Pregnant with Cancer: One Patient’s Remarkable Journey
August 15, 2018
| by Alison Shore
In the summer of 2007, the wait for their international adoption nearly over, Stephanie Hosford and her husband, Grant, were flush with excitement at the prospect of bringing their little girl home to Southern California, where she would join brother Ethan, then 6.
Joy turned to disbelief and fear when Hosford was diagnosed with breast cancer
in September. Then, three days after the diagnosis, their lives were upended by yet another piece of news: Hosford was pregnant. The couple had tried for a while to have another baby, but had given up.
When I found out I had breast cancer, I was scared and sad and mad, “ says Hosford. And then, when I found out I was pregnant, it was a whole new level of confusion, and I was even more terrified about what to do. Cancer is scary enough. I thought, ‘Why now?’”
No Good Time
Of course, there is no good time to be diagnosed with cancer, said I. Benjamin Paz, M.D.
, an esteemed oncology surgeon who has worked at City of Hope for 23 years. “What if your mother dies and you have to take care of your father? What if your daughter is getting married? Life is a continuum, and everyone’s life is disrupted. I try to understand the context of people’s lives and goals, and I work to make the goals achievable.”
Still, Paz recognizes the unique dilemma of cancer during pregnancy because mapping the treatment course must consider two lives. And therein lay the quandary for the Hosfords.
A New Chapter
After they consulted four doctors, all of whom recommended terminating the pregnancy, a determined Grant convinced his weary, resigned wife to visit one more place: City of Hope.
“I didn’t want to go,” recalled Hosford. “I didn’t want to hear the same thing again. And I had already resolved I would end the pregnancy.” In fact, when they met with Paz, one of Hosford’s first questions was, “When would be the best time to terminate?”
His answer surprised her. “You don’t have to terminate,” said Paz.
“I thought he had misheard me,” said Hosford.
“We’ve done this before and you can handle it,” said the doctor.
Paz’s approach is one of pragmatism and promise. “Once they hear you, you eliminate the anxiety and focus on the treatment. Helping them understand that their disease is curable and their child will grow is the first thing I do. A woman doesn’t need to make a choice between her life and the baby’s.”
Rare but Devastating
Although the co-existence of pregnancy and cancer is relatively uncommon, in Paz’s experience and indeed statistically, breast cancer is the most prevalent cancer in pregnant women (cervical
is second), with about one in 3,000 women being affected. Generally, this combination may be attributable to the preponderance of this particular cancer in fertile women.
In Hosford's case, Paz informed her that they would have to make adjustments in the treatment regimen but that she could be treated and the baby could be saved, without adverse outcomes for her health (remarkably, in Paz’s practice, he has managed to treat all pregnant patients without terminating the pregnancies).
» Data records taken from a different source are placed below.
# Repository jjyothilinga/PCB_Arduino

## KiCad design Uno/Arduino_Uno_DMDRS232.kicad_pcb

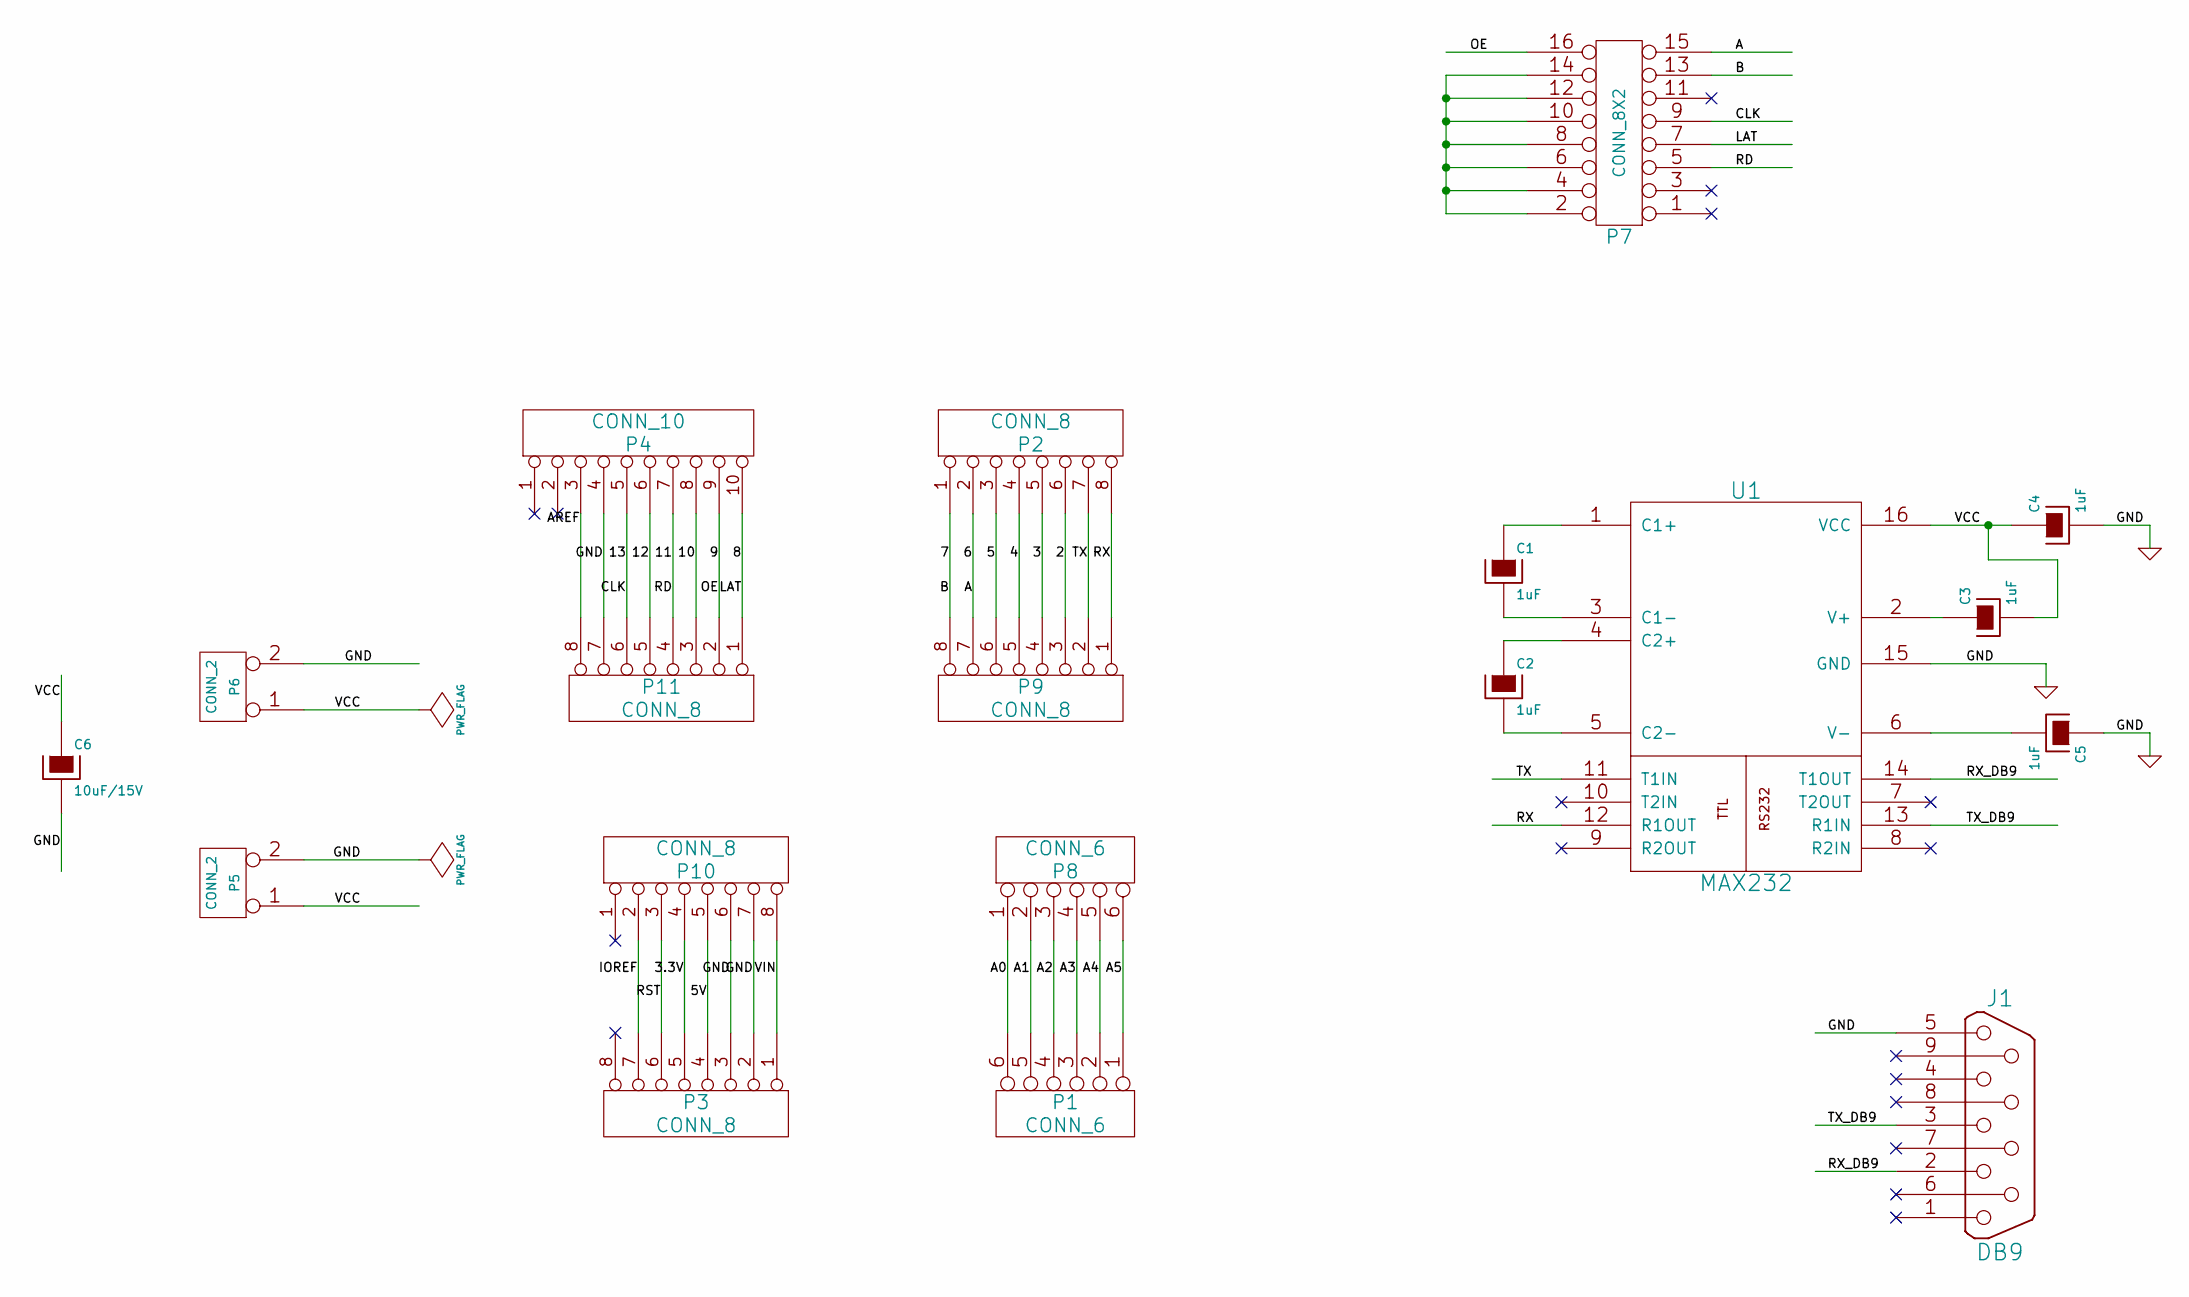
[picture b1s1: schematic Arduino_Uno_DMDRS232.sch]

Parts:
C1, C2, C3, C4, C5: 1uF
C6: 10uF/15V
J1: DB9
P1, P8: CONN_6
P2, P3, P9, P10, P11: CONN_8
P4: CONN_10
P5, P6: CONN_2
P7: CONN_8X2
U1: MAX232

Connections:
/2: P2.6, P9.3
/3: P2.5, P9.4
/3.3V: P3.5, P10.4
/4: P2.4, P9.5
/5: P2.3, P9.6
/5V: P3.4, P10.5
/6: P2.2, P7.15, P9.7
/7: P2.1, P7.13, P9.8
/8: P4.10, P7.7, P11.1
/9: P4.9, P7.16, P11.2
/10: P4.8, P11.3
/11: P4.7, P7.5, P11.4
/12: P4.6, P11.5
/13: P4.5, P7.9, P11.6
/A0: P1.6, P8.1
/A1: P1.5, P8.2
/A2: P1.4, P8.3
/A3: P1.3, P8.4
/A4: P1.2, P8.5
/A5: P1.1, P8.6
/AREF: P4.3, P11.8
/IOREF: P3.7, P10.2
/RST: P3.6, P10.3
/RX: P2.8, P9.1, U1.12 (R1OUT)
/RX_DB9: J1.2, U1.14 (T1OUT)
/TX: P2.7, P9.2, U1.11 (T1IN)
/TX_DB9: J1.3, U1.13 (R1IN)
/VCC: C3.2, C4.1, C6.1, P5.1, P6.1, U1.16 (VCC)
/VIN: P3.1, P10.8
GND: C4.2, C5.1, C6.2, J1.5, P3.2, P3.3, P4.4, P5.2 (PM), P6.2 (PM), P10.6, P10.7, P11.7, U1.15 (GND)
unnamed: C2.2, U1.5 (C2-)
unnamed: C3.1, U1.2 (V+)
unnamed: C5.2, U1.6 (V-)
unnamed: C2.1, U1.4 (C2+)
unnamed: C1.2, U1.3 (C1-)
unnamed: C1.1, U1.1 (C1+)
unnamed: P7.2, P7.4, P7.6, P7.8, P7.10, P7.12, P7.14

For Hosford's diagnosis, triple-negative breast cancer (i.e. her cancer did not rely on estrogen or progesterone to proliferate, nor was it related to a surplus of HER2 receptors), the appropriate treatment entailed a lumpectomy and chemotherapy; she also had the option to undergo radiation therapy, which is potentially harmful to a fetus. Hosford chose additional surgery — a double mastectomy with breast reconstruction.
Timing Is Everything
No two cases are alike, and Paz emphasized the necessity to think about a woman’s challenges and options. With some women, waiting to administer chemotherapy or performing breast-preserving surgery after the baby is born is prudent. If treatment during pregnancy is viable, the timing of administration varies among patients.
Paz’s thoughtful manner surfaced early in his professional trajectory, when he made a pivotal decision. His plan to become a biomedical engineer by way of medical school — having passed the tough standards for admission to medical school in his native Chile, he figured he could then easily switch easily to engineering — was revised when he discovered surgery.
“The specialty immediately appealed because of the scientific and intellectual challenges and the need to think in a logical way. Many aspects of surgery require systematic, step-by-step solutions similar to engineering problems.” Paz added that oncology, too, is very logical: "What is your patient’s objective through treatment and what tools do you have to achieve it?"
Hosford said that Paz’s serene, enlightened outlook changed everything for her.
“He, along with my oncologist (Lucille Leong, M.D., who has since retired from City of Hope), is my hero. He understood me and supported me. He still does.”
Ten years out, Hosford is healthy and her children (Ethan, 16; Naomi, 11; Samantha, 9) are thriving — all in all, she says, hers is a normal, busy life. “Dr. Paz told me that cancer doesn’t have to be this thing that defines you.” When she looks back, she says that it was her confidence in City of Hope and Paz that made the experience bearable. “They didn’t blink an eye. Their attitude was the difference.”